Your task is to filter the entries and copy every line containing the string "layers".

--------------------

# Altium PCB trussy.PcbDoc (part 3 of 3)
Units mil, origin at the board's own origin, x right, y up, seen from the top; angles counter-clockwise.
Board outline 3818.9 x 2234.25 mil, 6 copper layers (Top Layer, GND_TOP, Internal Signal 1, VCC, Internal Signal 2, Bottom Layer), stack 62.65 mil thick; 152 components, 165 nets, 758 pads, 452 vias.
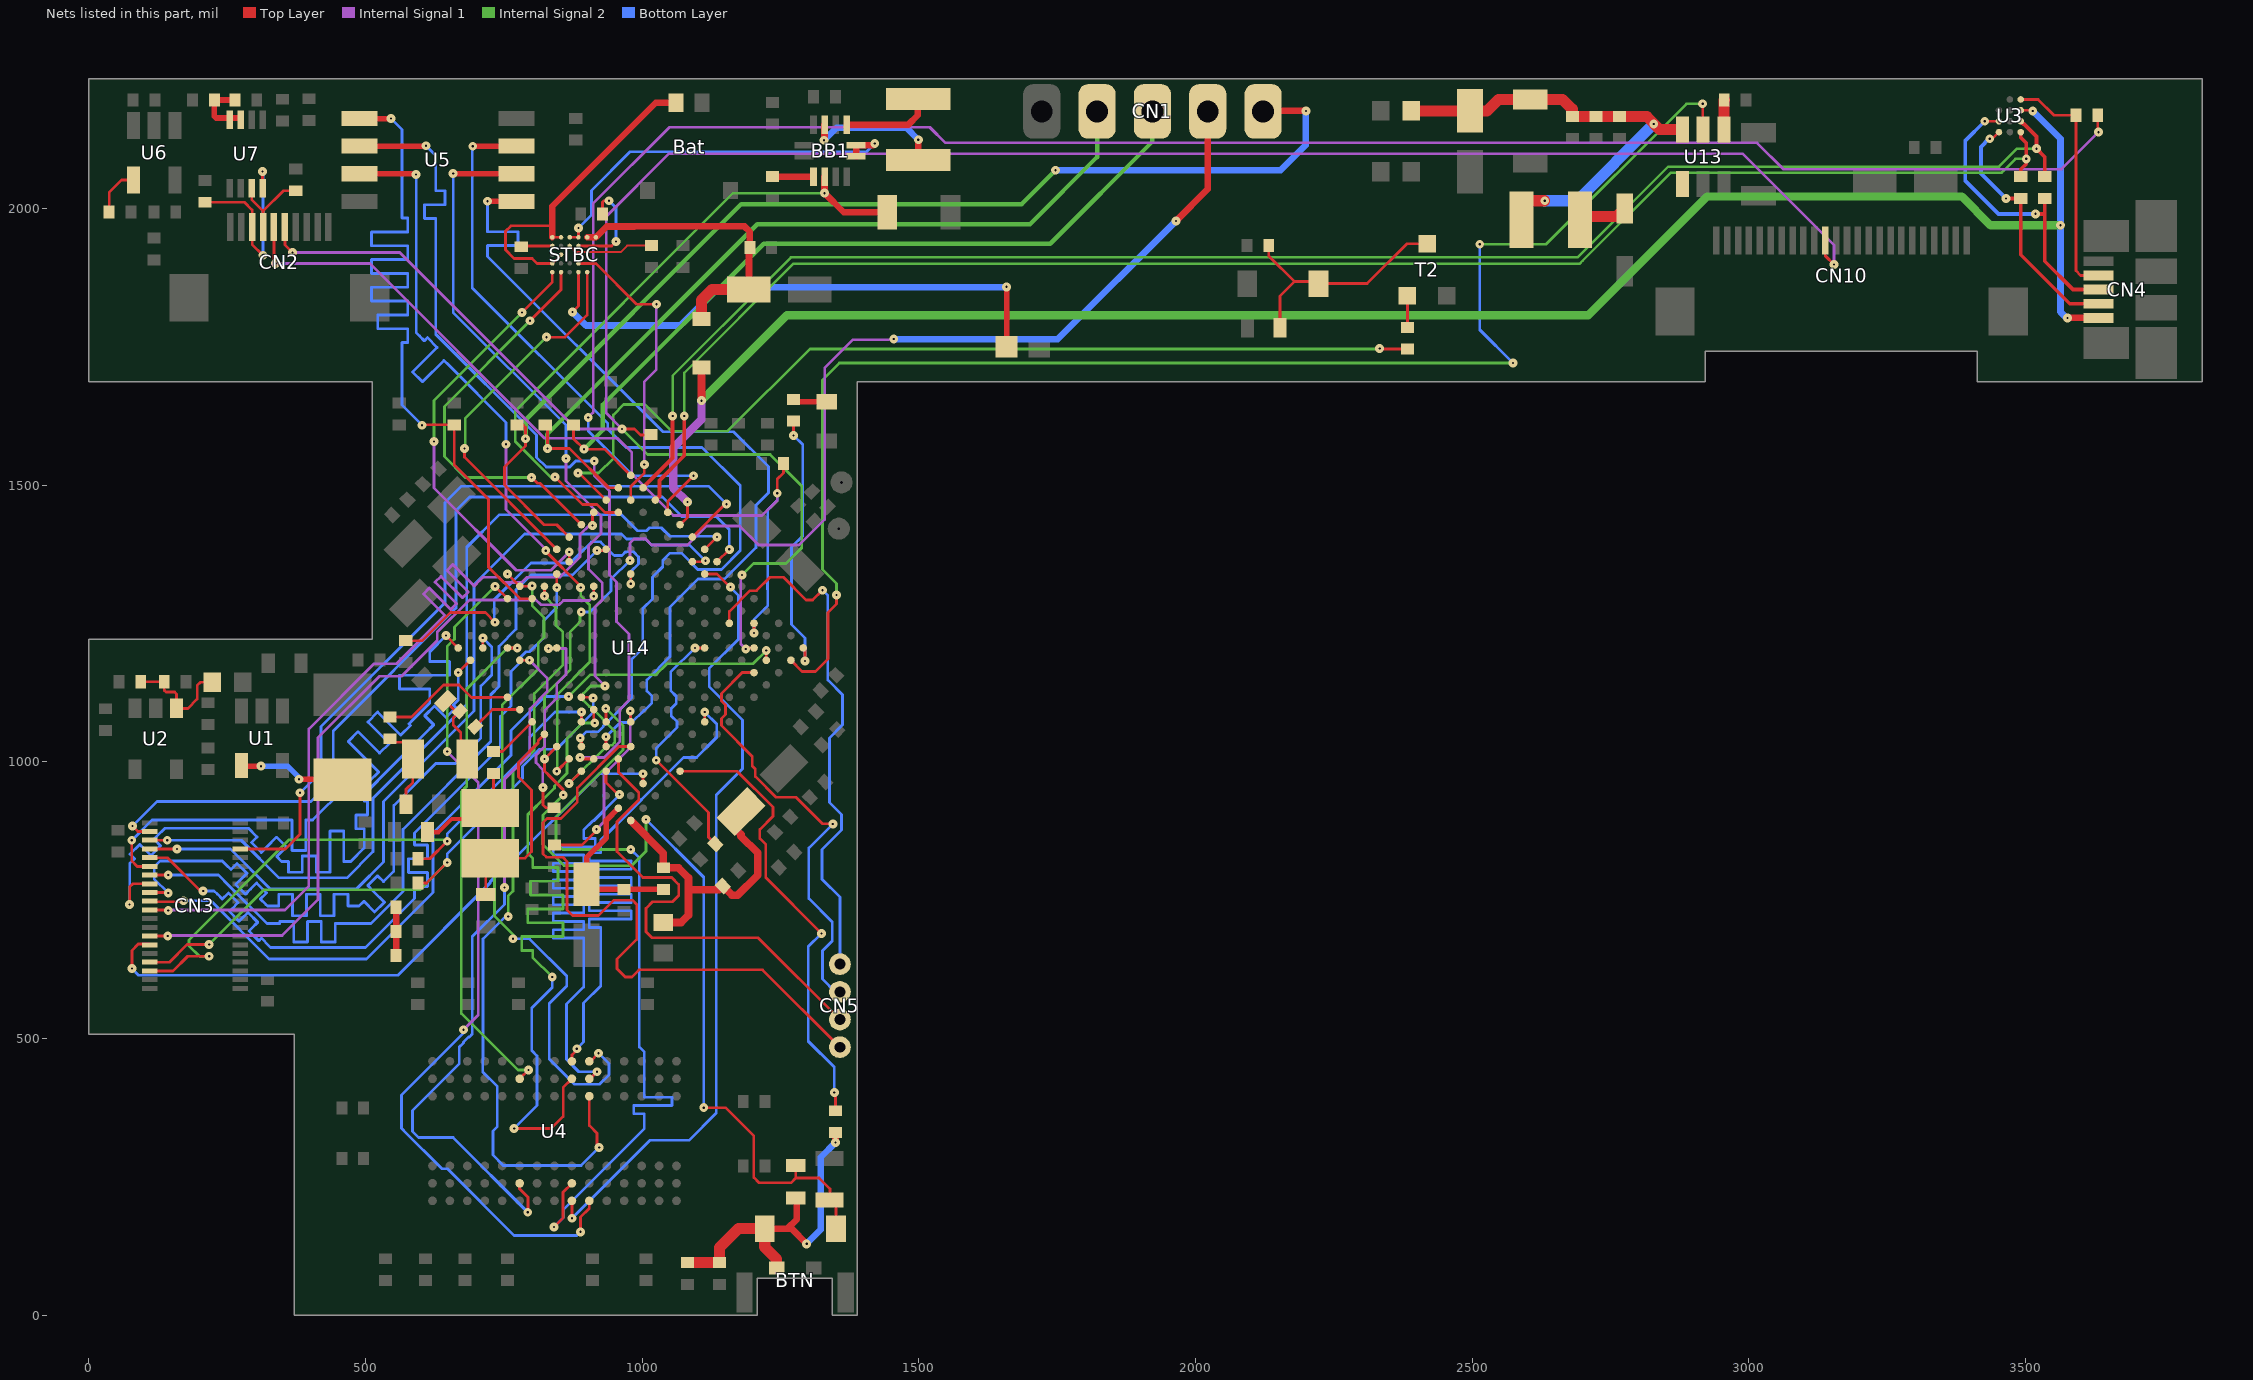
[diagram p7: the nets of this part, all layers, seen from the top]

## Via types
v1: diameter 16, hole 4, Top Layer to Bottom Layer, 452 vias

## Nets (pads, with @x,y where several pads share a name; then routed paths per layer and width w, separated by ;. In a path a pad name is that pad's centre, name@x,y a point inside that pad or via, vN(x,y) a via of type N, cw(c..) or ccw(c..) an arc to the next point about the centre after c; other vN are vias at no path point) (continued)
LCD_BL_CTRL: U13.5 U14.R14 | length 2664.5
  Top Layer w5: U14.R14@1268.85,1183.44 1288.91,1163.39 1312.99,1163.39 1335.63,1186.02 1335.63,1269.69 1351.38,1285.43 v1(1351.38,1301.18) v1@1351.38,1305.12 ; v1(2916.34,2188.98) 2916.34,2143.7 U13.5@2917.32,2142.72
  Internal Signal 2 w5: v1(1351.38,1301.18) 1351.38,1321.85 1325.79,1347.44 1325.79,1689.96 1356.3,1720.47 v1(2573.82,1720.47) ; v1(2513.53,1935.29) 2633.12,1935.29 2886.81,2188.98 v1(2916.34,2188.98)
  Bottom Layer w5: v1(2513.53,1935.29) 2513.53,1780.76 v1(2573.82,1720.47)
LCD_INT: CN2.5 R36.2 U14.M14 | length 1556.7
  Top Layer w5: CN2.5@334.65,1966.54 334.65,1903.54 v1(337.6,1900.59) ; v1(1202.04,1232.51) 1202.04,1240.51 U14.M14@1202.04,1250.25 ; v1(1244.16,1485.31) 1244.16,1510.89 1255.23,1521.96 R36.2@1255.23,1539.37
  Internal Signal 1 w5: v1(337.6,1900.59) 507.87,1900.59 823.82,1584.65 955.71,1584.65 981.3,1559.06 981.3,1519.95 1056.36,1444.88 1216.54,1444.88 1244.16,1472.5 v1(1244.16,1485.31)
  Bottom Layer w5: v1(1202.04,1232.51) 1202.04,1257.16 1227.11,1282.23 1227.11,1311 1226.63,1311.49 1226.63,1324.33 1227.11,1324.82 1227.11,1455.46 1244.16,1472.5 v1(1244.16,1485.31)
LCD_RST: CN2.6 CN10.11 R34.2 U14.N13 | length 4412.3
  Top Layer w5: CN2.6@354.33,1966.54 354.33,1934.06 v1(368.11,1920.28) ; v1(963.58,1601.38) 986.22,1601.38 997.05,1590.55 1015.07,1590.55 R34.2@1015.74,1591.23 ; v1(1187.07,1203.8) 1188.97,1205.71 U14.N13@1202.04,1205.71 ; CN10.11@3137.79,1941.93 3137.79,1914.37 v1(3153.54,1898.62)
  Internal Signal 1 w5: v1(368.11,1920.28) 562.01,1920.28 880.91,1601.38 v1(963.58,1601.38) 935.04,1629.92 935.04,1985.13 1048.77,2098.86 2988.63,2098.86 3153.54,1933.95 v1(3153.54,1898.62) ; v1(1180.38,1337.34) 1178.21,1335.16 1178.21,1212.66 v1(1187.07,1203.8)
  Internal Signal 2 w5: v1(963.58,1601.38) 1009.84,1555.12 1231.3,1555.12 1288.39,1498.03 1288.39,1386.81 1259.84,1358.27 1201.31,1358.27 v1(1180.38,1337.34)
LED1: R2.1 U14.R15 | length 484
  Top Layer w5: v1(1273.62,1589.57) R2.1@1273.63,1615.47 ; U14.R15@1291.13,1205.71 1294.29,1202.54 v1(1294.29,1182.09)
  Bottom Layer w5: v1(1273.62,1589.57) 1290.35,1572.83 1290.35,1408.46 1269.69,1387.8 1269.69,1248.03 1294.29,1223.43 v1(1294.29,1182.09)
MICROAB_N: R160.2 U3.D3 U14.C15 | length 2925.3
  Top Layer w7: U14.C15@1023.87,1472.96 1031.22,1480.31 1031.22,1508.34 1076.12,1553.24 v1(1076.12,1625) ; R160.2@3491.15,2057.4 3491.15,2070.74 3500.98,2080.58 v1(3500.98,2089.57) 3500.98,2118.51 3491.14,2128.35 U3.D3@3491.14,2137.8
  Internal Signal 2 w4.5: v1(1076.12,1625) 1076.12,1703.09 1273.45,1900.42 2694.52,1900.42 2699.61,1905.51 2858.79,2064.69 3456.42,2064.69 3459.65,2067.91 3481.3,2089.57 v1(3500.98,2089.57)
MICROAB_P: R159.2 U3.C3 U14.B15 | length 2977.2
  Top Layer w7: U14.B15@1001.6,1495.23 1008.95,1502.58 1008.95,1503.04 1055.12,1549.21 v1(1055.12,1625) ; U3.C3@3491.14,2157.48 3496.38,2152.24 3497.13,2152.24 3519.37,2130 v1(3519.37,2107.95) 3534.45,2092.87 R159.2@3534.45,2057.4
  Internal Signal 2 w4.5: v1(1055.12,1625) 1055.12,1697.64 1232.48,1875 1268.89,1911.42 2689.96,1911.42 2854.24,2075.69 3451.87,2075.69 3484.13,2107.95 v1(3519.37,2107.95)
NetBAT_1: Bat.1 STBC.A2 STBC.A5 STBC.B3 STBC.B5 | length 612
  Top Layer w4: STBC.A2@837.6,1900.59 STBC.B3@853.35,1916.34
  Top Layer w5: STBC.A2@837.6,1900.59 810.04,1900.59 801.18,1909.45 768.7,1909.45 752.95,1925.2 752.95,1958.66 762.8,1968.5 837.6,1968.5 ; STBC.A5@837.6,1947.83 STBC.B5@853.35,1947.83
  Top Layer w12: STBC.A5@837.6,1947.83 837.6,1968.5 837.6,2003.94 1024.49,2190.83 Bat.1@1061.02,2190.83
NetBB1_1: BB1.1 L6.2 | length 165.4
  Top Layer w12: BB1.1@1369.57,2151.33 1481.06,2151.33 1498.03,2168.31 1498.03,2196.85 L6.2@1499.02,2197.83
NetBB1_3: BB1.3 L6.1 | length 253.7
  Top Layer w12: v1(1328.74,2123.03) 1329.57,2123.86 BB1.3@1329.57,2151.33 ; L6.1@1499.02,2087.6 v1(1499.02,2124.02)
  Bottom Layer w12: v1(1328.74,2123.03) 1351.38,2145.67 1477.36,2145.67 v1(1499.02,2124.02)
NetBB1_7: BB1.7 C1.1 | length 74.4
  Top Layer w12: C1.1@1235.24,2057.46 1309.44,2057.46 BB1.7@1309.57,2057.33
NetBB1_11: BB1.11 BB1.12 STBC.C5 STBC.D5 | length 711.9
  Top Layer w5: STBC.C5@869.09,1947.83 STBC.D5@884.84,1947.83 v1(884.84,1964.57)
  Top Layer w12: BB1.11@1386.57,2094.33 BB1.12@1386.57,2114.33 1417.48,2114.33 v1(1420.28,2117.13)
  Bottom Layer w5: v1(884.84,1964.57) 908.46,1988.19 908.46,2032.48 978.35,2102.36 1405.51,2102.36 v1(1420.28,2117.13)
NetBTN_1: BTN.1 D2.1 R8.1 R10.1 R18.1 R19.1 | length 619.1
  Top Layer w12: D2.1@1236.22,156.5 1262.8,156.5 ; R18.1@1277.56,211.61 1279.53,209.65 1279.53,173.23 1262.8,156.5 ; v1(1297.24,128.94) 1269.68,156.5 1262.8,156.5 ; R8.1@1349.41,330.03 1349.41,312.08 v1(1349.48,312.02)
  Top Layer w20: R19.1@1081.69,95.16 1139.45,95.16 1139.76,95.47 1139.76,122.05 1174.21,156.5 D2.1@1221.46,156.5 1221.46,123.03 1243.11,101.38 BTN.1@1243.11,85.16
  Bottom Layer w12: v1(1297.24,128.94) 1322.83,154.53 1322.83,285.38 v1(1349.48,312.02)
NetC3_1: C3.1 R6.1 R7.2 | length 87.6
  Top Layer w12: R6.1@555.43,649.6 C3.1@555.43,693.4 R7.2@555.43,737.2
NetC9_2: C9.2 U6.4 | length 88.9
  Top Layer w5: C9.2@36.79,1993.11 36.79,2028.91 59.05,2051.18 U6.4@80.71,2051.18
NetC10_2: C10.2 R11.1 U7.7 U7.8 | length 116.5
  Top Layer w10: R11.1@264.09,2195.86 C10.2@226.99,2195.87 226.99,2166.71 230.31,2163.39 271.65,2163.39 U7.7@274.61,2160.43
NetC14_1: C14.1 D1.1 T2.3 VM.2 | length 449.3
  Top Layer w5: C14.1@2132.26,1933.07 2132.26,1914 2178.64,1867.62 2152.56,1841.54 VM.2@2152.56,1784.45 ; 2179.13,1868.11 2218.5,1868.11 D1.1@2222.44,1864.17 2310.04,1864.17 2381.97,1936.1 T2.3@2418.31,1936.1 T2.3@2418.23,1936.02
NetC21_1: C21.1 C22.1 L7.1 U2.1 | length 207.9
  Top Layer w5: C22.1@93.87,1144.69 C21.1@136.44,1144.69 136.44,1129.31 139.76,1125.98 155.14,1125.98 158.46,1122.66 U2.1@158.46,1096.46 179.13,1096.46 195.87,1113.19 195.87,1137.8 201.77,1143.7 L7.1@223.43,1143.7
NetC76_1: C76.1 U14.L11 | length 462.1
  Top Layer w5: v1(1025.32,1002.89) 1120.08,908.13 1120.08,863.71 C76.1@1132.15,851.64 ; v1(1095.21,1205.71) 1103.21,1205.71 U14.L11@1112.96,1205.71
  Bottom Layer w5: v1(1025.32,1002.89) 1025.32,1024.11 1062.99,1061.78 1062.99,1072.63 1052.56,1083.06 1052.56,1096.6 1061.64,1105.68 1061.64,1118.52 1051.48,1128.68 1051.48,1161.98 v1(1095.21,1205.71)
NetC85_1: C85.1 R131.2 X2.2 | length 196.7
  Top Layer w5: X2.2@725.39,916.34 731.29,922.24 R131.2@731.29,979.02
  Top Layer w8: C85.1@611.71,873.04 631.9,873.04 655.51,896.65 705.71,896.65 X2.2@725.39,916.34
NetC93_1: C93.1 R132.1 X3.1 | length 156
  Top Layer w5: R132.1@544.3,1041.65 550.51,1035.43 576.77,1035.43 585.63,1026.58 X3.1@585.63,1004.92 585.63,962.6 573.33,950.29 C93.1@573.33,923.22
NetC94_1: C94.1 R133.1 X3.2 | length 152.4
  Top Layer w5: C94.1@644.34,1109.6 662.63,1091.31 R133.1@670.49,1091.31 658.46,1079.29 658.46,1066.93 672.24,1053.15 672.24,1040.35 684.06,1028.54 X3.2@684.06,1004.92 X3.2@672.24,1016.73
NetC96_1: C96.1 U14.E11 | length 624.8
  Top Layer w5: C96.1@572.83,1218.87 602.73,1218.87 653.54,1269.69 716.63,1269.69 v1(734.29,1252.03) ; v1(979.33,1321.59) U14.E11@979.33,1339.34
  Bottom Layer w5: v1(734.29,1252.03) 732.78,1253.54 732.78,1292.82 799.21,1359.25 870.26,1359.25 874.51,1363.5 874.57,1363.5 883.65,1372.58 883.65,1372.65 908.46,1397.46 924.77,1397.46 949.2,1373.03 950.51,1373.03 950.64,1372.9 963.48,1372.9 970.06,1379.49 970.76,1378.79 971.47,1379.49 984.31,1379.49 993.39,1370.41 993.39,1357.57 979.33,1343.51 v1(979.33,1321.59)
NetCN1_1: CN1.1 R3.1 U14.A10 | length 2083.7
  Top Layer w5: R3.1@773.63,1608.94 784.76,1608.94 789.37,1604.33 v1(789.37,1583.66) 789.37,1570.87 750.98,1532.48 750.98,1500 822.56,1428.42 845.7,1428.42 U14.A10@867.97,1406.15
  Top Layer w12: CN1.1@2122.05,2175.2 2123.03,2176.18 v1(2199.8,2176.18)
  Internal Signal 2 w8: v1(789.37,1583.66) 789.37,1618.11 1179.13,2007.87 1686.02,2007.87 v1(1747.05,2068.9)
  Bottom Layer w12: v1(1747.05,2068.9) 2153.54,2068.9 2198.82,2114.17 2198.82,2175.2 v1(2199.8,2176.18)
NetCN4_2: CN4.2 R160.1 U3.D1 | length 464.4
  Top Layer w5: v1(3435.04,2125.98) 3439.96,2125.98 U3.D1@3451.77,2137.8 U3.D1@3452.08,2137.49
  Top Layer w6.59: CN4.2@3629.53,1825.79 CN4.2@3631.5,1827.76
  Top Layer w7: v1(3464.57,2017.72) 3464.88,2018.03 R160.1@3491.15,2018.03 ; R160.1@3491.15,2018.03 3491.14,1916.34 3579.72,1827.76 CN4.2@3631.5,1827.76
  Bottom Layer w7: v1(3435.04,2125.98) 3434.06,2125.98 3419.29,2111.22 3419.29,2062.99 v1(3464.57,2017.72)
NetCN4_3: CN4.3 R159.1 U3.C1 | length 547.9
  Top Layer w5: v1(3426.18,2157.48) U3.C1@3451.77,2157.48
  Top Layer w7: v1(3517.72,1990.16) 3534.45,1990.16 ; R159.1@3534.45,2018.03 3534.45,1990.16 ; CN4.3@3631.5,1853.35 3585.63,1853.35 3534.45,1904.52 3534.45,1990.16
  Bottom Layer w7: v1(3426.18,2157.48) 3390.75,2122.05 3390.75,2050.2 3450.79,1990.16 v1(3517.72,1990.16)
NetCN4_4: CN4.4 R161.1 U3.A3 | length 437.9
  Top Layer w5: U3.A3@3491.14,2196.85 3522.64,2196.85 3551.19,2168.3 R161.1@3590.86,2168.3 3590.86,1887.49 3599.41,1878.94 CN4.4@3631.5,1878.94
  Top Layer w8: CN4.4@3630.51,1879.92 CN4.4@3631.5,1878.94
NetL3_1: L3.1 U1.4 | length 199.5
  Top Layer w10: U1.4@275.59,993.11 276.57,992.13 v1(311.02,992.13) ; v1(379.92,968.5) 447.83,968.5 453.74,962.6 L3.1@458.66,967.52
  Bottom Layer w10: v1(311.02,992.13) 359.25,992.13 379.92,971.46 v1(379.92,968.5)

--------------------

EXERCISE RESPONSE
Board outline 3818.9 x 2234.25 mil, 6 copper layers (Top Layer, GND_TOP, Internal Signal 1, VCC, Internal Signal 2, Bottom Layer), stack 62.65 mil thick; 152 components, 165 nets, 758 pads, 452 vias.
[diagram p7: the nets of this part, all layers, seen from the top]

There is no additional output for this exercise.